[Recorded data — start]
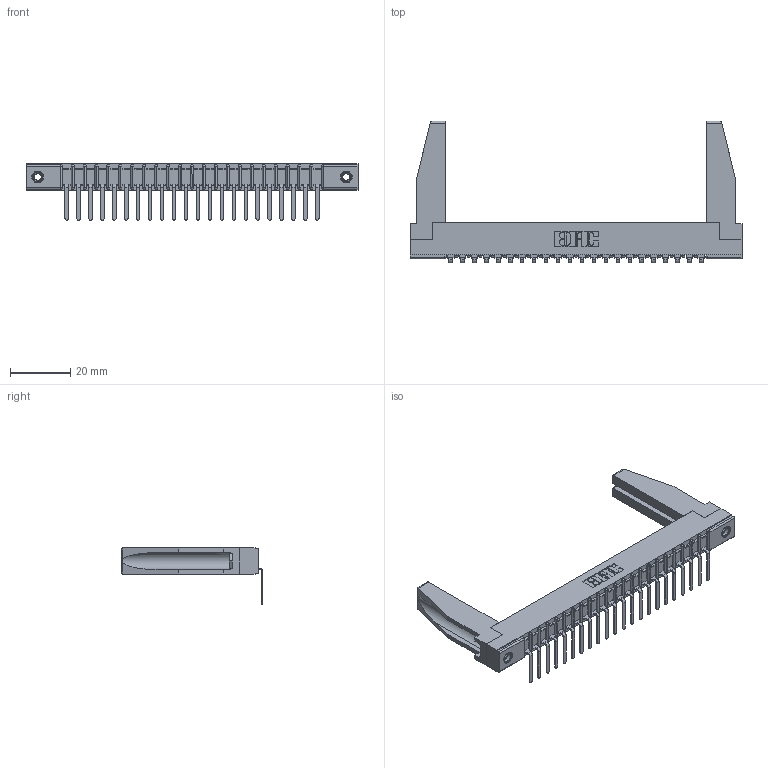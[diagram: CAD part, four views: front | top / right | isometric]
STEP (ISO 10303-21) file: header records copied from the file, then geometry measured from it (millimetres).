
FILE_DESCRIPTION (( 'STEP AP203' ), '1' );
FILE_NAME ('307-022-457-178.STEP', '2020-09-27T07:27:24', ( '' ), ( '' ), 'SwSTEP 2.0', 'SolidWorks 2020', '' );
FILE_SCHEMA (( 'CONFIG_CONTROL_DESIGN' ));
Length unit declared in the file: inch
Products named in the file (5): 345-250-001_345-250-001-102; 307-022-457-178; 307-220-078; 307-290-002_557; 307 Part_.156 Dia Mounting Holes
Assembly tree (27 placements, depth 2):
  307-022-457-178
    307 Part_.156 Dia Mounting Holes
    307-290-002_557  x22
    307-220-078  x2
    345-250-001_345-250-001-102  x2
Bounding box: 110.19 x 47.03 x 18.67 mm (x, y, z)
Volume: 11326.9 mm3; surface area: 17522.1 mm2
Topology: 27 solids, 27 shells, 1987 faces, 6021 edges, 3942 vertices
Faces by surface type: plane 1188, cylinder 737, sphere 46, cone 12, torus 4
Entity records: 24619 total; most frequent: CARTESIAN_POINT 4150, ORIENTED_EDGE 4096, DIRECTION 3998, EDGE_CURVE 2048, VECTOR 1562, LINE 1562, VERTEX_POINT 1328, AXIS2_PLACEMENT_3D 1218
[Recorded data — finish]
**Your assignment:**
Every line of the data should be transcribed exactly. Omit the images.

**Answer space:**
[diagram: CAD part, four views: front | top / right | isometric]
STEP (ISO 10303-21) file: header records copied from the file, then geometry measured from it (millimetres).
FILE_DESCRIPTION (( 'STEP AP203' ), '1' );
FILE_NAME ('307-022-457-178.STEP', '2020-09-27T07:27:24', ( '' ), ( '' ), 'SwSTEP 2.0', 'SolidWorks 2020', '' );
FILE_SCHEMA (( 'CONFIG_CONTROL_DESIGN' ));
Length unit declared in the file: inch
Products named in the file (5): 345-250-001_345-250-001-102; 307-022-457-178; 307-220-078; 307-290-002_557; 307 Part_.156 Dia Mounting Holes
Assembly tree (27 placements, depth 2):
  307-022-457-178
    307 Part_.156 Dia Mounting Holes
    307-290-002_557  x22
    307-220-078  x2
    345-250-001_345-250-001-102  x2
Bounding box: 110.19 x 47.03 x 18.67 mm (x, y, z)
Volume: 11326.9 mm3; surface area: 17522.1 mm2
Topology: 27 solids, 27 shells, 1987 faces, 6021 edges, 3942 vertices
Faces by surface type: plane 1188, cylinder 737, sphere 46, cone 12, torus 4
Entity records: 24619 total; most frequent: CARTESIAN_POINT 4150, ORIENTED_EDGE 4096, DIRECTION 3998, EDGE_CURVE 2048, VECTOR 1562, LINE 1562, VERTEX_POINT 1328, AXIS2_PLACEMENT_3D 1218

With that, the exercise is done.